Roger only got a glimpse of her guilty mug before Pandora rang down the curtain, but it was enough to trouble him. What could she possibly feel guilty about when it came to a “possible terrorism-related” situation? Had she seen something but not said something? Or did the shock get her face muscles confused? Pulling into the garage, he prepared to take another stab at finding out what was behind that troubling face. But alas, no. Pandora yanked up the handle, hopped down, slammed the door, and disappeared into the house.

Roger took a parental pause before following her, collecting and categorizing his concerns. But then he discovered evidence of how upset his daughter must be: her phone. He couldn’t miss it in its pirate Hello Kitty case. In her rush to escape, she’d left it behind. Roger picked it up, swiped, and was amazed when he wasn’t asked for credentials of some kind—an iris scan, at the very least. But no. It opened onto her home screen, where it seemed she had two email messages waiting.

He could feel the charges of emotional abuse coming even as he tapped the icon. But what else was he supposed to do? He needed to get to the bottom of this before the FPD SWAT team paid them a visit.

The first email was from a compounding pharmacy and the second from a chemical supply company. Both pleaded with his daughter to rate her recent transactions with them, or to let them know if she was dissatisfied in any way. “Please like us on Facebook,” they begged, following the usual supplicant boilerplate, “and preach about us on Quire!”

Roger switched off the phone and pocketed it. He plugged in his truck’s heater and then entered the house he’d shared with his only child ever since they abandoned California, where she’d been born and her mother had died. He took a breath and steadied his voice and face.

“Oh, daughter,” he called. “Oh, daughter dear . . .”

 

 

4

First things first: George’s mother should have found a better babysitter. Not that Uncle Jack was a kiddie diddler or anything, just a bachelor who had his own place and the bad luck to be in the recreational marijuana business before it was legal in California. He also had nearly zero understanding of what to do with a young child left in his care. Summing up, this is what Uncle Jack knew about kids: there was something in their brains that drew them to jangling keys. He figured it had something to do with the combination of sound and shiny. And this was something else he knew: when it came to sound and shiny, you couldn’t beat the star gate sequence from 2001: A Space Odyssey. Uncle Jack himself had experienced the sequence’s mesmerizing effects many times, often while stoned.
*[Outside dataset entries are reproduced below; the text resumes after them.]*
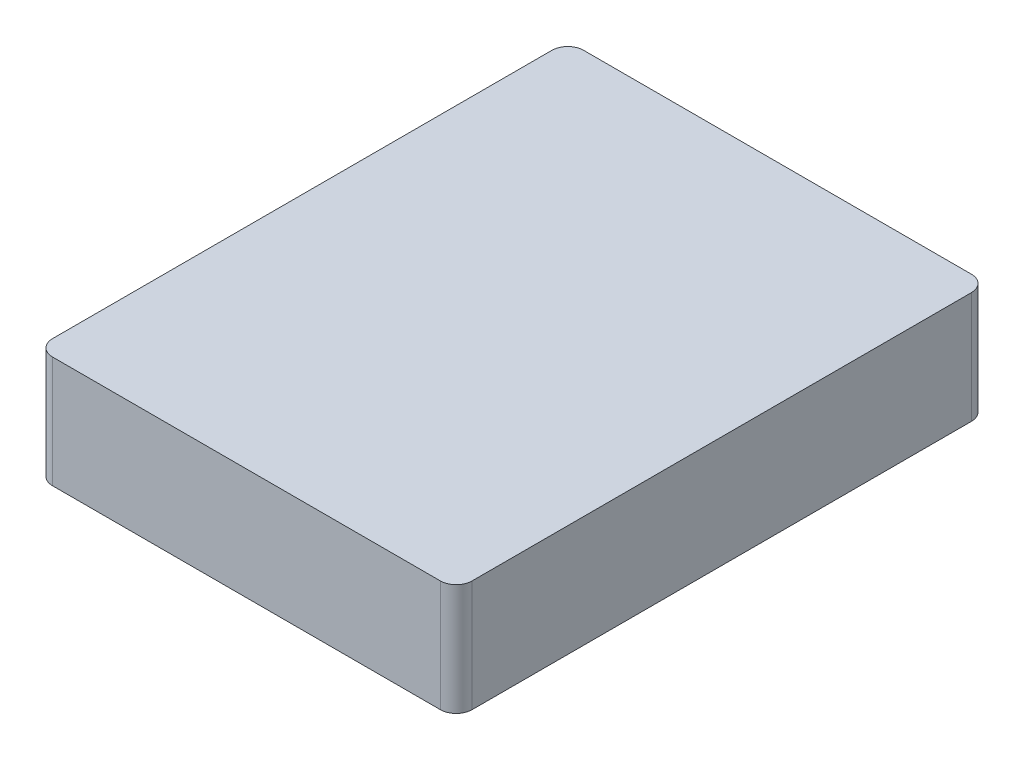
ISO-10303-21;
HEADER;
FILE_DESCRIPTION(('STEP AP214'),'2;1');
FILE_NAME('part.step','',(''),(''),'','','');
FILE_SCHEMA(('AUTOMOTIVE_DESIGN { 1 0 10303 214 1 1 1 1 }'));
ENDSEC;
DATA;
#1=APPLICATION_CONTEXT('core data for automotive mechanical design processes');
#2=APPLICATION_PROTOCOL_DEFINITION('international standard','automotive_design',2000,#1);
#3=PRODUCT_CONTEXT('',#1,'mechanical');
#4=PRODUCT('Part','Part','',(#3));
#5=PRODUCT_RELATED_PRODUCT_CATEGORY('part','',(#4));
#6=PRODUCT_DEFINITION_FORMATION('','',#4);
#7=PRODUCT_DEFINITION_CONTEXT('part definition',#1,'design');
#8=PRODUCT_DEFINITION('design','',#6,#7);
#9=PRODUCT_DEFINITION_SHAPE('','',#8);
#10=(LENGTH_UNIT() NAMED_UNIT(*) SI_UNIT(.MILLI.,.METRE.));
#11=(NAMED_UNIT(*) PLANE_ANGLE_UNIT() SI_UNIT($,.RADIAN.));
#12=(NAMED_UNIT(*) SI_UNIT($,.STERADIAN.) SOLID_ANGLE_UNIT());
#13=UNCERTAINTY_MEASURE_WITH_UNIT(LENGTH_MEASURE(1.E-05),#10,'distance_accuracy_value','');
#14=(GEOMETRIC_REPRESENTATION_CONTEXT(3) GLOBAL_UNCERTAINTY_ASSIGNED_CONTEXT((#13)) GLOBAL_UNIT_ASSIGNED_CONTEXT((#10,
#11,#12)) REPRESENTATION_CONTEXT('',''));
#15=CARTESIAN_POINT('',(0.,0.,0.));
#16=DIRECTION('',(0.,0.,1.));
#17=DIRECTION('',(1.,0.,0.));
#18=AXIS2_PLACEMENT_3D('',#15,#16,#17);
#19=CARTESIAN_POINT('',(-36.5,21.,47.));
#20=DIRECTION('',(0.,-1.,0.));
#21=DIRECTION('',(0.,0.,-1.));
#22=AXIS2_PLACEMENT_3D('',#19,#20,#21);
#23=CYLINDRICAL_SURFACE('',#22,3.);
#24=CARTESIAN_POINT('',(-36.5,0.,47.));
#25=DIRECTION('',(0.,1.,0.));
#26=DIRECTION('',(0.,0.,1.));
#27=AXIS2_PLACEMENT_3D('',#24,#25,#26);
#28=CIRCLE('',#27,3.);
#29=CARTESIAN_POINT('',(-39.5,0.,47.));
#30=VERTEX_POINT('',#29);
#31=CARTESIAN_POINT('',(-36.4999999999999,0.,50.));
#32=VERTEX_POINT('',#31);
#33=EDGE_CURVE('E137',#30,#32,#28,.T.);
#34=ORIENTED_EDGE('',*,*,#33,.T.);
#35=DIRECTION('',(0.,-1.,0.));
#36=VECTOR('',#35,1.);
#37=CARTESIAN_POINT('',(-36.4999999999999,21.,50.));
#38=LINE('',#37,#36);
#39=CARTESIAN_POINT('',(-36.4999999999999,21.,50.));
#40=VERTEX_POINT('',#39);
#41=EDGE_CURVE('E11',#40,#32,#38,.T.);
#42=ORIENTED_EDGE('',*,*,#41,.F.);
#43=CARTESIAN_POINT('',(-36.5,21.,47.));
#44=DIRECTION('',(0.,1.,0.));
#45=DIRECTION('',(0.,0.,1.));
#46=AXIS2_PLACEMENT_3D('',#43,#44,#45);
#47=CIRCLE('',#46,3.);
#48=CARTESIAN_POINT('',(-39.5,21.,47.));
#49=VERTEX_POINT('',#48);
#50=EDGE_CURVE('E154',#49,#40,#47,.T.);
#51=ORIENTED_EDGE('',*,*,#50,.F.);
#52=DIRECTION('',(0.,-1.,0.));
#53=VECTOR('',#52,1.);
#54=CARTESIAN_POINT('',(-39.5,21.,47.));
#55=LINE('',#54,#53);
#56=EDGE_CURVE('E134',#49,#30,#55,.T.);
#57=ORIENTED_EDGE('',*,*,#56,.T.);
#58=EDGE_LOOP('',(#34,#42,#51,#57));
#59=FACE_BOUND('',#58,.T.);
#60=ADVANCED_FACE('F43',(#59),#23,.T.);
#61=CARTESIAN_POINT('',(-36.4999999999999,21.,50.));
#62=DIRECTION('',(0.,0.,-1.));
#63=DIRECTION('',(-1.,0.,0.));
#64=AXIS2_PLACEMENT_3D('',#61,#62,#63);
#65=PLANE('',#64);
#66=DIRECTION('',(1.,0.,0.));
#67=VECTOR('',#66,1.);
#68=CARTESIAN_POINT('',(-36.4999999999999,0.,50.));
#69=LINE('',#68,#67);
#70=CARTESIAN_POINT('',(36.5,0.,50.));
#71=VERTEX_POINT('',#70);
#72=EDGE_CURVE('E145',#32,#71,#69,.T.);
#73=ORIENTED_EDGE('',*,*,#72,.T.);
#74=DIRECTION('',(0.,-1.,0.));
#75=VECTOR('',#74,1.);
#76=CARTESIAN_POINT('',(36.5,21.,50.));
#77=LINE('',#76,#75);
#78=CARTESIAN_POINT('',(36.5,21.,50.));
#79=VERTEX_POINT('',#78);
#80=EDGE_CURVE('E51',#79,#71,#77,.T.);
#81=ORIENTED_EDGE('',*,*,#80,.F.);
#82=DIRECTION('',(1.,0.,0.));
#83=VECTOR('',#82,1.);
#84=CARTESIAN_POINT('',(-36.4999999999999,21.,50.));
#85=LINE('',#84,#83);
#86=EDGE_CURVE('E105',#40,#79,#85,.T.);
#87=ORIENTED_EDGE('',*,*,#86,.F.);
#88=ORIENTED_EDGE('',*,*,#41,.T.);
#89=EDGE_LOOP('',(#73,#81,#87,#88));
#90=FACE_BOUND('',#89,.T.);
#91=ADVANCED_FACE('F187',(#90),#65,.F.);
#92=CARTESIAN_POINT('',(36.5,21.,47.));
#93=DIRECTION('',(0.,-1.,0.));
#94=DIRECTION('',(0.,0.,-1.));
#95=AXIS2_PLACEMENT_3D('',#92,#93,#94);
#96=CYLINDRICAL_SURFACE('',#95,3.);
#97=CARTESIAN_POINT('',(36.5,0.,47.));
#98=DIRECTION('',(0.,1.,0.));
#99=DIRECTION('',(0.,0.,1.));
#100=AXIS2_PLACEMENT_3D('',#97,#98,#99);
#101=CIRCLE('',#100,3.);
#102=CARTESIAN_POINT('',(39.5,0.,47.));
#103=VERTEX_POINT('',#102);
#104=EDGE_CURVE('E143',#71,#103,#101,.T.);
#105=ORIENTED_EDGE('',*,*,#104,.T.);
#106=DIRECTION('',(0.,-1.,0.));
#107=VECTOR('',#106,1.);
#108=CARTESIAN_POINT('',(39.5,21.,47.));
#109=LINE('',#108,#107);
#110=CARTESIAN_POINT('',(39.5,21.,47.));
#111=VERTEX_POINT('',#110);
#112=EDGE_CURVE('E158',#111,#103,#109,.T.);
#113=ORIENTED_EDGE('',*,*,#112,.F.);
#114=CARTESIAN_POINT('',(36.5,21.,47.));
#115=DIRECTION('',(0.,1.,0.));
#116=DIRECTION('',(0.,0.,1.));
#117=AXIS2_PLACEMENT_3D('',#114,#115,#116);
#118=CIRCLE('',#117,3.);
#119=EDGE_CURVE('E166',#79,#111,#118,.T.);
#120=ORIENTED_EDGE('',*,*,#119,.F.);
#121=ORIENTED_EDGE('',*,*,#80,.T.);
#122=EDGE_LOOP('',(#105,#113,#120,#121));
#123=FACE_BOUND('',#122,.T.);
#124=ADVANCED_FACE('F168',(#123),#96,.T.);
#125=CARTESIAN_POINT('',(39.5,21.,-47.));
#126=DIRECTION('',(-1.,0.,0.));
#127=DIRECTION('',(0.,0.,1.));
#128=AXIS2_PLACEMENT_3D('',#125,#126,#127);
#129=PLANE('',#128);
#130=DIRECTION('',(0.,0.,-1.));
#131=VECTOR('',#130,1.);
#132=CARTESIAN_POINT('',(39.5,0.,-47.));
#133=LINE('',#132,#131);
#134=CARTESIAN_POINT('',(39.5,0.,-47.));
#135=VERTEX_POINT('',#134);
#136=EDGE_CURVE('E147',#103,#135,#133,.T.);
#137=ORIENTED_EDGE('',*,*,#136,.T.);
#138=DIRECTION('',(0.,-1.,0.));
#139=VECTOR('',#138,1.);
#140=CARTESIAN_POINT('',(39.5,21.,-47.));
#141=LINE('',#140,#139);
#142=CARTESIAN_POINT('',(39.5,21.,-47.));
#143=VERTEX_POINT('',#142);
#144=EDGE_CURVE('E160',#143,#135,#141,.T.);
#145=ORIENTED_EDGE('',*,*,#144,.F.);
#146=DIRECTION('',(0.,0.,-1.));
#147=VECTOR('',#146,1.);
#148=CARTESIAN_POINT('',(39.5,21.,-47.));
#149=LINE('',#148,#147);
#150=EDGE_CURVE('E179',#111,#143,#149,.T.);
#151=ORIENTED_EDGE('',*,*,#150,.F.);
#152=ORIENTED_EDGE('',*,*,#112,.T.);
#153=EDGE_LOOP('',(#137,#145,#151,#152));
#154=FACE_BOUND('',#153,.T.);
#155=ADVANCED_FACE('F176',(#154),#129,.F.);
#156=CARTESIAN_POINT('',(36.5,21.,-47.));
#157=DIRECTION('',(0.,-1.,0.));
#158=DIRECTION('',(0.,0.,-1.));
#159=AXIS2_PLACEMENT_3D('',#156,#157,#158);
#160=CYLINDRICAL_SURFACE('',#159,3.);
#161=CARTESIAN_POINT('',(36.5,0.,-47.));
#162=DIRECTION('',(0.,1.,0.));
#163=DIRECTION('',(0.,0.,-1.));
#164=AXIS2_PLACEMENT_3D('',#161,#162,#163);
#165=CIRCLE('',#164,3.);
#166=CARTESIAN_POINT('',(36.5,0.,-50.));
#167=VERTEX_POINT('',#166);
#168=EDGE_CURVE('E149',#135,#167,#165,.T.);
#169=ORIENTED_EDGE('',*,*,#168,.T.);
#170=DIRECTION('',(0.,-1.,0.));
#171=VECTOR('',#170,1.);
#172=CARTESIAN_POINT('',(36.5,21.,-50.));
#173=LINE('',#172,#171);
#174=CARTESIAN_POINT('',(36.5,21.,-50.));
#175=VERTEX_POINT('',#174);
#176=EDGE_CURVE('E127',#175,#167,#173,.T.);
#177=ORIENTED_EDGE('',*,*,#176,.F.);
#178=CARTESIAN_POINT('',(36.5,21.,-47.));
#179=DIRECTION('',(0.,1.,0.));
#180=DIRECTION('',(0.,0.,-1.));
#181=AXIS2_PLACEMENT_3D('',#178,#179,#180);
#182=CIRCLE('',#181,3.);
#183=EDGE_CURVE('E123',#143,#175,#182,.T.);
#184=ORIENTED_EDGE('',*,*,#183,.F.);
#185=ORIENTED_EDGE('',*,*,#144,.T.);
#186=EDGE_LOOP('',(#169,#177,#184,#185));
#187=FACE_BOUND('',#186,.T.);
#188=ADVANCED_FACE('F177',(#187),#160,.T.);
#189=CARTESIAN_POINT('',(-36.5,21.,-50.));
#190=DIRECTION('',(0.,0.,1.));
#191=DIRECTION('',(1.,0.,0.));
#192=AXIS2_PLACEMENT_3D('',#189,#190,#191);
#193=PLANE('',#192);
#194=DIRECTION('',(-1.,0.,0.));
#195=VECTOR('',#194,1.);
#196=CARTESIAN_POINT('',(-36.5,0.,-50.));
#197=LINE('',#196,#195);
#198=CARTESIAN_POINT('',(-36.5,0.,-50.));
#199=VERTEX_POINT('',#198);
#200=EDGE_CURVE('E129',#167,#199,#197,.T.);
#201=ORIENTED_EDGE('',*,*,#200,.T.);
#202=DIRECTION('',(0.,-1.,0.));
#203=VECTOR('',#202,1.);
#204=CARTESIAN_POINT('',(-36.5,21.,-50.));
#205=LINE('',#204,#203);
#206=CARTESIAN_POINT('',(-36.5,21.,-50.));
#207=VERTEX_POINT('',#206);
#208=EDGE_CURVE('E128',#207,#199,#205,.T.);
#209=ORIENTED_EDGE('',*,*,#208,.F.);
#210=DIRECTION('',(-1.,0.,0.));
#211=VECTOR('',#210,1.);
#212=CARTESIAN_POINT('',(-36.5,21.,-50.));
#213=LINE('',#212,#211);
#214=EDGE_CURVE('E113',#175,#207,#213,.T.);
#215=ORIENTED_EDGE('',*,*,#214,.F.);
#216=ORIENTED_EDGE('',*,*,#176,.T.);
#217=EDGE_LOOP('',(#201,#209,#215,#216));
#218=FACE_BOUND('',#217,.T.);
#219=ADVANCED_FACE('F130',(#218),#193,.F.);
#220=CARTESIAN_POINT('',(-36.5,21.,-47.));
#221=DIRECTION('',(0.,-1.,0.));
#222=DIRECTION('',(0.,0.,-1.));
#223=AXIS2_PLACEMENT_3D('',#220,#221,#222);
#224=CYLINDRICAL_SURFACE('',#223,3.);
#225=CARTESIAN_POINT('',(-36.5,0.,-47.));
#226=DIRECTION('',(0.,1.,0.));
#227=DIRECTION('',(0.,0.,1.));
#228=AXIS2_PLACEMENT_3D('',#225,#226,#227);
#229=CIRCLE('',#228,3.);
#230=CARTESIAN_POINT('',(-39.5,0.,-47.));
#231=VERTEX_POINT('',#230);
#232=EDGE_CURVE('E88',#199,#231,#229,.T.);
#233=ORIENTED_EDGE('',*,*,#232,.T.);
#234=DIRECTION('',(0.,-1.,0.));
#235=VECTOR('',#234,1.);
#236=CARTESIAN_POINT('',(-39.5,21.,-47.));
#237=LINE('',#236,#235);
#238=CARTESIAN_POINT('',(-39.5,21.,-47.));
#239=VERTEX_POINT('',#238);
#240=EDGE_CURVE('E131',#239,#231,#237,.T.);
#241=ORIENTED_EDGE('',*,*,#240,.F.);
#242=CARTESIAN_POINT('',(-36.5,21.,-47.));
#243=DIRECTION('',(0.,1.,0.));
#244=DIRECTION('',(0.,0.,1.));
#245=AXIS2_PLACEMENT_3D('',#242,#243,#244);
#246=CIRCLE('',#245,3.);
#247=EDGE_CURVE('E118',#207,#239,#246,.T.);
#248=ORIENTED_EDGE('',*,*,#247,.F.);
#249=ORIENTED_EDGE('',*,*,#208,.T.);
#250=EDGE_LOOP('',(#233,#241,#248,#249));
#251=FACE_BOUND('',#250,.T.);
#252=ADVANCED_FACE('F133',(#251),#224,.T.);
#253=CARTESIAN_POINT('',(-39.5,21.,-47.));
#254=DIRECTION('',(1.,0.,0.));
#255=DIRECTION('',(0.,0.,-1.));
#256=AXIS2_PLACEMENT_3D('',#253,#254,#255);
#257=PLANE('',#256);
#258=DIRECTION('',(0.,0.,1.));
#259=VECTOR('',#258,1.);
#260=CARTESIAN_POINT('',(-39.5,0.,-47.));
#261=LINE('',#260,#259);
#262=EDGE_CURVE('E92',#231,#30,#261,.T.);
#263=ORIENTED_EDGE('',*,*,#262,.T.);
#264=ORIENTED_EDGE('',*,*,#56,.F.);
#265=DIRECTION('',(0.,0.,1.));
#266=VECTOR('',#265,1.);
#267=CARTESIAN_POINT('',(-39.5,21.,-47.));
#268=LINE('',#267,#266);
#269=EDGE_CURVE('E56',#239,#49,#268,.T.);
#270=ORIENTED_EDGE('',*,*,#269,.F.);
#271=ORIENTED_EDGE('',*,*,#240,.T.);
#272=EDGE_LOOP('',(#263,#264,#270,#271));
#273=FACE_BOUND('',#272,.T.);
#274=ADVANCED_FACE('F204',(#273),#257,.F.);
#275=CARTESIAN_POINT('',(-36.5,21.,47.));
#276=DIRECTION('',(0.,1.,0.));
#277=DIRECTION('',(0.,0.,1.));
#278=AXIS2_PLACEMENT_3D('',#275,#276,#277);
#279=PLANE('',#278);
#280=ORIENTED_EDGE('',*,*,#50,.T.);
#281=ORIENTED_EDGE('',*,*,#86,.T.);
#282=ORIENTED_EDGE('',*,*,#119,.T.);
#283=ORIENTED_EDGE('',*,*,#150,.T.);
#284=ORIENTED_EDGE('',*,*,#183,.T.);
#285=ORIENTED_EDGE('',*,*,#214,.T.);
#286=ORIENTED_EDGE('',*,*,#247,.T.);
#287=ORIENTED_EDGE('',*,*,#269,.T.);
#288=EDGE_LOOP('',(#280,#281,#282,#283,#284,#285,#286,#287));
#289=FACE_BOUND('',#288,.T.);
#290=ADVANCED_FACE('F117',(#289),#279,.T.);
#291=CARTESIAN_POINT('',(-36.5,0.,47.));
#292=DIRECTION('',(0.,1.,0.));
#293=DIRECTION('',(0.,0.,1.));
#294=AXIS2_PLACEMENT_3D('',#291,#292,#293);
#295=PLANE('',#294);
#296=ORIENTED_EDGE('',*,*,#33,.F.);
#297=ORIENTED_EDGE('',*,*,#262,.F.);
#298=ORIENTED_EDGE('',*,*,#232,.F.);
#299=ORIENTED_EDGE('',*,*,#200,.F.);
#300=ORIENTED_EDGE('',*,*,#168,.F.);
#301=ORIENTED_EDGE('',*,*,#136,.F.);
#302=ORIENTED_EDGE('',*,*,#104,.F.);
#303=ORIENTED_EDGE('',*,*,#72,.F.);
#304=EDGE_LOOP('',(#296,#297,#298,#299,#300,#301,#302,#303));
#305=FACE_BOUND('',#304,.T.);
#306=ADVANCED_FACE('F175',(#305),#295,.F.);
#307=CLOSED_SHELL('',(#60,#91,#124,#155,#188,#219,#252,#274,#290,#306));
#308=MANIFOLD_SOLID_BREP('B2',#307);
#309=ADVANCED_BREP_SHAPE_REPRESENTATION('',(#18,#308),#14);
#310=SHAPE_DEFINITION_REPRESENTATION(#9,#309);
ENDSEC;
END-ISO-10303-21;

Accused of violating the drug dealer’s first rule—don’t get high on your own supply—Uncle Jack would plead, “Quality control.” And the quality of his product was excellent, if he did say so himself.

So yeah: a drug dealer and user. George’s mom was not going down in the history of exemplary childcare decision makers anytime soon.

After fishing the disk out of its clamshell and sliding it into the player, Jack parked the child next to him on the couch and sparked up a bong, the skunk smell and gentle bubbling pacifying George while his uncle blip-blip-blipped through the menu to cue up the sequence in question. Jack assumed his nephew, a toddler, wouldn’t sit still for the so-called boring parts. So they started watching the movie at its most mind-boggling, endorphin-stimulating point, and once it was done—once the sole surviving astronaut found himself in a Louis XVI hotel room—he was prepared to jump back to start those Kubrickian keys jangling again.

But then a strange thing happened—or didn’t happen.

George didn’t fuss. He didn’t move, in fact. Looking down at his nephew’s eyes through his own glassy pair, Uncle Jack saw two tiny versions of the bigger screen in front of them, Cinerama rectangles of nearly pure white and, underneath them, George’s mouth, an O of awe with little-kid drool leaking out.

“So, like, you’re cool with letting the narrative flow?” he asked. George continued to stare, which Jack took as meaning, “Flow on, dude.”